Lean proved this program correct; then I found a bug
What actually went wrong
- The verified part was the core zlib compression/decompression logic in Lean.
- Two bugs surfaced:
- A denial-of-service via unverified archive-header parsing in the Lean-zip code.
- A heap buffer overflow in the Lean runtime’s scalar array support, affecting any Lean program using that feature.
- Both issues were outside the formal proof’s stated scope, so the core correctness proof was not invalidated.
Limits of formal verification
- Multiple comments stress: proofs are always “correct with respect to a specification,” not to human intent or the full system.
- Common failure modes:
- Spec bugs (the spec doesn’t capture what was really wanted).
- Spec gaps (important behaviors like parsers, resource limits, or adversarial inputs not modeled).
- Unverified layers (runtime, OS, hardware, compilers).
- Some argue a “verified system” should be understood as the whole binary stack; others say that’s unrealistic unless every component is verified.
Trust in verification tools
- Concern: why trust the verifier more than the verified code?
- Replies: verifiers can be simpler, heavily scrutinized, and used by many, making serious undetected bugs less likely (though not impossible).
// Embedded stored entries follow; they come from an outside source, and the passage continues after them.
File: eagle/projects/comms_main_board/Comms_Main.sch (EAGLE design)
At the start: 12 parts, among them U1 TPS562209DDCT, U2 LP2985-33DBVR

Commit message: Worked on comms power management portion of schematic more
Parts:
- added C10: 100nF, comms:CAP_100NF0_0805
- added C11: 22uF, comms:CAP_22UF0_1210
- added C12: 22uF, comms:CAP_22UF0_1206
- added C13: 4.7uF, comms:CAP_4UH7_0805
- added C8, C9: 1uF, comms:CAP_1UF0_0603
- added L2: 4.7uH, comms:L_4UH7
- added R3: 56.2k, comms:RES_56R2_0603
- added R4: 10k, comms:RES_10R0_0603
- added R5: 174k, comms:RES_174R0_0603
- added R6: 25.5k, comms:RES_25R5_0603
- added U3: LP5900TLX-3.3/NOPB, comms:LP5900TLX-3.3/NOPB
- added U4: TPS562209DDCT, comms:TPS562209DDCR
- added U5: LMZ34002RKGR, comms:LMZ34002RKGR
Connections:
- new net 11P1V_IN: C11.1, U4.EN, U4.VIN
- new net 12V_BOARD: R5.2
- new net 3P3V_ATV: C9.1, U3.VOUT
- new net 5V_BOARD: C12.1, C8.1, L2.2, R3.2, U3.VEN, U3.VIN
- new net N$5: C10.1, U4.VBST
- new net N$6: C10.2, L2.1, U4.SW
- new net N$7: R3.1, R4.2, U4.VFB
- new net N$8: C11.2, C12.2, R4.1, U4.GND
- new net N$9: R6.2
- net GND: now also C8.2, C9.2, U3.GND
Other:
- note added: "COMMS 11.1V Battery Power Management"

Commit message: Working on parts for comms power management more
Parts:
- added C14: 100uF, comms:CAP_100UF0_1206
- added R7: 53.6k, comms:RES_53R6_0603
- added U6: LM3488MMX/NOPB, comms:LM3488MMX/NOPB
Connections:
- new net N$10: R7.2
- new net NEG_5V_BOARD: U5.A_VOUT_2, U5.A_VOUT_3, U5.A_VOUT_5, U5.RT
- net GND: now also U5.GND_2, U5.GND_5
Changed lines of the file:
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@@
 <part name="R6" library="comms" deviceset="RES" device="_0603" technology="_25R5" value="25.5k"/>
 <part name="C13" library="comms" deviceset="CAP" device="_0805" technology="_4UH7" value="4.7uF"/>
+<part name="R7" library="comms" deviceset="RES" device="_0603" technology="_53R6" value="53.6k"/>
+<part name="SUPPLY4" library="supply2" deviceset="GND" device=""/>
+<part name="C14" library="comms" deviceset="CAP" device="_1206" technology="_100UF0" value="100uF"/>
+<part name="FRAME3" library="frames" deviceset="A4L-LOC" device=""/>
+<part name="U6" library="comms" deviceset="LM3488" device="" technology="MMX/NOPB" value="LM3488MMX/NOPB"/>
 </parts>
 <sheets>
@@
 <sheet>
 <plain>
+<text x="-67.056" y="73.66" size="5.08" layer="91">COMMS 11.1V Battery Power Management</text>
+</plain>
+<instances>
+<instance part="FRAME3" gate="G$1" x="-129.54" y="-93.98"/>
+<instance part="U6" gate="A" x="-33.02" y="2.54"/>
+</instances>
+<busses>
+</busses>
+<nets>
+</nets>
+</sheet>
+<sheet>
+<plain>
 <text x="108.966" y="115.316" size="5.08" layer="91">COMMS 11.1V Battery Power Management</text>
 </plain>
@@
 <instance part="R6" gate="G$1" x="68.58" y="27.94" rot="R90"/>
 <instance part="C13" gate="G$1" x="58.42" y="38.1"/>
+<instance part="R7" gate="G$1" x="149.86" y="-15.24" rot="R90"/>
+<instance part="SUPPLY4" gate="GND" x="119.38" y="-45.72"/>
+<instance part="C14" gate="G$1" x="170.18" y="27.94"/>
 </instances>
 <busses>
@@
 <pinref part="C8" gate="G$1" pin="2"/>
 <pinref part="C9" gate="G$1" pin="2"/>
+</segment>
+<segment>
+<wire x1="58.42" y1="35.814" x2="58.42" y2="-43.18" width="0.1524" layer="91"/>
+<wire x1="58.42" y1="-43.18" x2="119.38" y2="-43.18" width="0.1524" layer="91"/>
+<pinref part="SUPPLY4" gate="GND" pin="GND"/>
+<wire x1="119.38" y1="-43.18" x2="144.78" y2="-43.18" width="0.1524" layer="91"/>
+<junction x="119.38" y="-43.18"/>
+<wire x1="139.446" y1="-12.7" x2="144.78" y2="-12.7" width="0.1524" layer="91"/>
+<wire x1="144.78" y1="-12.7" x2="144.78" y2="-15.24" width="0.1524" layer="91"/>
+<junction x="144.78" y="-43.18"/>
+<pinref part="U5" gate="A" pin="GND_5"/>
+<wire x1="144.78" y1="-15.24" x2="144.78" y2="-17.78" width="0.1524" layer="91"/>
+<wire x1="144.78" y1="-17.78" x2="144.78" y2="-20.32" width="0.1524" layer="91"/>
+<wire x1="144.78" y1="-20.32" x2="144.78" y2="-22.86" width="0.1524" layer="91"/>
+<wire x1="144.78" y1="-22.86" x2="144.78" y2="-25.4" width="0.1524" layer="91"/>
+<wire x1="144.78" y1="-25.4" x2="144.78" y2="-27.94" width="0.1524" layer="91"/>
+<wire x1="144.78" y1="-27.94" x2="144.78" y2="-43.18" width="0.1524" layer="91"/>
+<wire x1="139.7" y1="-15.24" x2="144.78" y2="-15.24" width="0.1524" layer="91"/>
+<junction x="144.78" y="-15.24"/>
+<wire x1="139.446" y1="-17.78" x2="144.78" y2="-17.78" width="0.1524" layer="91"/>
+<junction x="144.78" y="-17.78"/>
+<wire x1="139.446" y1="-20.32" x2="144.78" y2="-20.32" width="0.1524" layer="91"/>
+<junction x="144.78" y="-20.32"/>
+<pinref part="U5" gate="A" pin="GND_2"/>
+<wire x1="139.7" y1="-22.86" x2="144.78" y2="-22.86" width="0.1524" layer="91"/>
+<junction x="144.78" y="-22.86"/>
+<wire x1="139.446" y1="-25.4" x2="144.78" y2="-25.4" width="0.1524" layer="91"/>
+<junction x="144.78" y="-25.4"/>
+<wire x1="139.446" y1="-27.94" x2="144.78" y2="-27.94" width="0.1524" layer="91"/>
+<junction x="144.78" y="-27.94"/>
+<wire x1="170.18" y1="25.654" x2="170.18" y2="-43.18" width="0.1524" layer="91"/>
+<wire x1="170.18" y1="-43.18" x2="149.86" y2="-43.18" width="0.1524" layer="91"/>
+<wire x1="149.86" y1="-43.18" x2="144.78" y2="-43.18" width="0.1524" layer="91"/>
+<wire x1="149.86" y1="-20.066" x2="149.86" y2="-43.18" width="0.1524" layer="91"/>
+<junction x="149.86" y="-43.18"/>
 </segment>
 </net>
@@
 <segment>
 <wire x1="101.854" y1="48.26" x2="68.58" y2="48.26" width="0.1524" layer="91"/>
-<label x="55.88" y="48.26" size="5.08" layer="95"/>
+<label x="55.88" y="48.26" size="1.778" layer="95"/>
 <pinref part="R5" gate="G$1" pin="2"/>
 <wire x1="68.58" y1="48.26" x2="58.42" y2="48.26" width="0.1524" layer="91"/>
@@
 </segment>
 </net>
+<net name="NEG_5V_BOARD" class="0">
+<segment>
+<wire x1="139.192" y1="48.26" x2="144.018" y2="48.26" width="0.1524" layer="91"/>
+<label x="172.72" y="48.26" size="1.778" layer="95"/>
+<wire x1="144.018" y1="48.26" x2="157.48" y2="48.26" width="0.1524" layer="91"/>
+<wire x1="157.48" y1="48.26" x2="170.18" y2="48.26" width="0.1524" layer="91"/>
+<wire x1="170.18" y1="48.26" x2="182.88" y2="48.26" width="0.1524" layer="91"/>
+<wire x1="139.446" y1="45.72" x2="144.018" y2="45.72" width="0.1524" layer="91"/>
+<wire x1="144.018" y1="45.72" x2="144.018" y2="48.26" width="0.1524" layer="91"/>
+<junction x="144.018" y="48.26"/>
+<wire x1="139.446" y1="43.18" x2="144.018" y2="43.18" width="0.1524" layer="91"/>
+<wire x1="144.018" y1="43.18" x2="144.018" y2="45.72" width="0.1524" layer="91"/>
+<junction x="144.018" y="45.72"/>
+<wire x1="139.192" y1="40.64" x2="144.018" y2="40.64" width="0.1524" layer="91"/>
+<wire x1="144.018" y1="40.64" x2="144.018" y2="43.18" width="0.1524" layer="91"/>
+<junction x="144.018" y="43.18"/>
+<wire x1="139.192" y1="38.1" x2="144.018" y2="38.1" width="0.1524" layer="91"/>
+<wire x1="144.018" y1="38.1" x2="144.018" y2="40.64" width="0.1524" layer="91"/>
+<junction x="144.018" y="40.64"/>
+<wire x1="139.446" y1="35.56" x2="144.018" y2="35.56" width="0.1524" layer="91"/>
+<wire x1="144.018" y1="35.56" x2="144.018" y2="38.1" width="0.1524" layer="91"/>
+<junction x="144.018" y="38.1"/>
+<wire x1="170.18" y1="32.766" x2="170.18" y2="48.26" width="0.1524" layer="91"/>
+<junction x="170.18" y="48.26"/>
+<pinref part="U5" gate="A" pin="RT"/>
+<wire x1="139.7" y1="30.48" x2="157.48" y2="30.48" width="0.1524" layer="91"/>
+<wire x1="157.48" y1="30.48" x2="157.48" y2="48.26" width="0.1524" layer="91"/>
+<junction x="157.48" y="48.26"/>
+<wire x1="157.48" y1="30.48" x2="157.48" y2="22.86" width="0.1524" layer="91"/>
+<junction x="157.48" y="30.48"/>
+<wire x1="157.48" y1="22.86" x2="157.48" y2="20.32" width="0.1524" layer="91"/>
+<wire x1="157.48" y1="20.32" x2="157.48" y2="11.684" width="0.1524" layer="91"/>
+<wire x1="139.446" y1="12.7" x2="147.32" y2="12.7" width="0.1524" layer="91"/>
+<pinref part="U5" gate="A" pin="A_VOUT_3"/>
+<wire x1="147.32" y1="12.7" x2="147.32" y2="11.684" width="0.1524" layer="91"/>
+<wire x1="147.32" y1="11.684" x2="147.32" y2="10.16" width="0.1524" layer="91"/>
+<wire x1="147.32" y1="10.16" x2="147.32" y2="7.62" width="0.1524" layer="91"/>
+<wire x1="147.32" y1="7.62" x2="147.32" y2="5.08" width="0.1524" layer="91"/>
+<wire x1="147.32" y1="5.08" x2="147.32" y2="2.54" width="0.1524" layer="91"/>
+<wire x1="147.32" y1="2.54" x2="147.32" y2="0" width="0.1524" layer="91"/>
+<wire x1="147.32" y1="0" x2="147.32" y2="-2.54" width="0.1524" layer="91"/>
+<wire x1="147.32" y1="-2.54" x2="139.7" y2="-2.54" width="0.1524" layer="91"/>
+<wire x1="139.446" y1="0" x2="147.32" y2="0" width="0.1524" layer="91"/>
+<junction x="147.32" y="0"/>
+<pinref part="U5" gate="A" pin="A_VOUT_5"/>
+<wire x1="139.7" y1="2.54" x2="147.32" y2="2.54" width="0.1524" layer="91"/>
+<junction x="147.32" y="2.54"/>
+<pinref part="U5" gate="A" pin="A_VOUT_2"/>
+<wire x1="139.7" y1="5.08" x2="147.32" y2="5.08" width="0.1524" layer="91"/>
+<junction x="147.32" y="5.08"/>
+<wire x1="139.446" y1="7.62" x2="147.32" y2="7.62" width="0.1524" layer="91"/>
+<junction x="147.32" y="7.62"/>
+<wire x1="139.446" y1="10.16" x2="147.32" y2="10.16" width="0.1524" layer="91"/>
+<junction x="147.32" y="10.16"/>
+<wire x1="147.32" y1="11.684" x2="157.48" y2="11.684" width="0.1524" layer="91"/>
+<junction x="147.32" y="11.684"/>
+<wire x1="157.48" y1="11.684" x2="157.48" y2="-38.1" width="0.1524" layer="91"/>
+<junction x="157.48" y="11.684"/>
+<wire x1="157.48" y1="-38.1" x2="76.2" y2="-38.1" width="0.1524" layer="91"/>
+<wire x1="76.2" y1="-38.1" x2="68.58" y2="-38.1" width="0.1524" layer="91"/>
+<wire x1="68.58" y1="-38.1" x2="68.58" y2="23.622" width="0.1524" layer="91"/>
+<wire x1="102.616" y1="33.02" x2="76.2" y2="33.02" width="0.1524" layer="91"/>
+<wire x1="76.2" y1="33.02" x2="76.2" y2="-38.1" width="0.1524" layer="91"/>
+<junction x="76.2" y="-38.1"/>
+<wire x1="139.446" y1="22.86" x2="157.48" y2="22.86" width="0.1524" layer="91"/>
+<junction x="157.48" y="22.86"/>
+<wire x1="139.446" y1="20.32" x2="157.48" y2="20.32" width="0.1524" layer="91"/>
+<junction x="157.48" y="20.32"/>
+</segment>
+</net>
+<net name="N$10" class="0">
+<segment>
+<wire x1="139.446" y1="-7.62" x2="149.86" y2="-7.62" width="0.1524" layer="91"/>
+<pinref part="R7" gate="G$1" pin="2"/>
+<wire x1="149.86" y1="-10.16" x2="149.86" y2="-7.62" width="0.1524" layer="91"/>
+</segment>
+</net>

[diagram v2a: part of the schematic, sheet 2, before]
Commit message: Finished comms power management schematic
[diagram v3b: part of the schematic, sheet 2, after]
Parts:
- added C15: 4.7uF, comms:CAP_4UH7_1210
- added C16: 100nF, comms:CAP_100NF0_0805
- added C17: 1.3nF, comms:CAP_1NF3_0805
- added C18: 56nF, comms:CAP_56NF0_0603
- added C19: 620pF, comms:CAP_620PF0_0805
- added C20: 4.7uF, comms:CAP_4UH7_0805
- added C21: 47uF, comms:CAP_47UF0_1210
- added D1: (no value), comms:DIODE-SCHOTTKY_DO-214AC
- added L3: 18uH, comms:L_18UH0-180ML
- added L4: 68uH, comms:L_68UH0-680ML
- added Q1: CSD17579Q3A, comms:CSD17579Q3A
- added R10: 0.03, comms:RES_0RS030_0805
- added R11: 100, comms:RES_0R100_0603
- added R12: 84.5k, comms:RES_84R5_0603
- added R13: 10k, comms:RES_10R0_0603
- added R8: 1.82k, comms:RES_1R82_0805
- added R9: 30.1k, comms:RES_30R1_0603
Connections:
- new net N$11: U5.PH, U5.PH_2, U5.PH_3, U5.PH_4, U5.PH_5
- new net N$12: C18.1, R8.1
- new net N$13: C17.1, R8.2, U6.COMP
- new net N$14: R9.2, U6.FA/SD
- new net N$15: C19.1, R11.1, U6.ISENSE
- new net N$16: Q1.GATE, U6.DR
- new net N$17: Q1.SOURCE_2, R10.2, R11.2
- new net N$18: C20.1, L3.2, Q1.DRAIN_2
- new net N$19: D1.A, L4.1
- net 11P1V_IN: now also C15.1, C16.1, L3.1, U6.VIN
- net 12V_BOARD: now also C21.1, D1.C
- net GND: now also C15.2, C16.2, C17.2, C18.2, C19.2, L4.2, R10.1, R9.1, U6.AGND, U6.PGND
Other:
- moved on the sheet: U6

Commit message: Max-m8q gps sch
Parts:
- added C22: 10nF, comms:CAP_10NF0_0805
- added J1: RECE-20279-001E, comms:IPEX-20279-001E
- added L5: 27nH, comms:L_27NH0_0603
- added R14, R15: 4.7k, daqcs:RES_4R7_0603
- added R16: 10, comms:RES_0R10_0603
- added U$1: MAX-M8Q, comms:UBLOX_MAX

- Distinction emphasized between Lean’s kernel (logic/proofs) and runtime (execution/FFI); a runtime bug doesn’t directly falsify existing mathematical proofs.
Spec correctness and completeness
- Discussion about needing methods to “verify the specs” themselves, including adversarial thinking and high-level property proofs.
- Recognized gap between:
- Implementation soundness (“the code does X”) and
- Design soundness (“doing X is actually the right, safe thing”).
- Compression is highlighted as a good domain: simple correctness spec, complex implementation, but still vulnerable to unmodeled behaviors (e.g., malformed inputs).
AI, fuzzing, and “vibe-coded” proofs
- Several commenters report success using LLMs to help write proofs and models (Lean, TLA+, etc.).
- The AI-assisted fuzzing that found the Lean runtime overflow is seen as a significant, positive result.
- Enthusiasm that combining AI, fuzzing, and formal methods can narrow where bugs hide, even if perfection remains impossible.
Title and framing debate
- Many see the article title as misleading or clickbait, implying a flaw in the proof itself.
- Others defend it as fair from an end-user perspective: if the binary crashes or is exploitable, the “verified program” is still buggy in practice.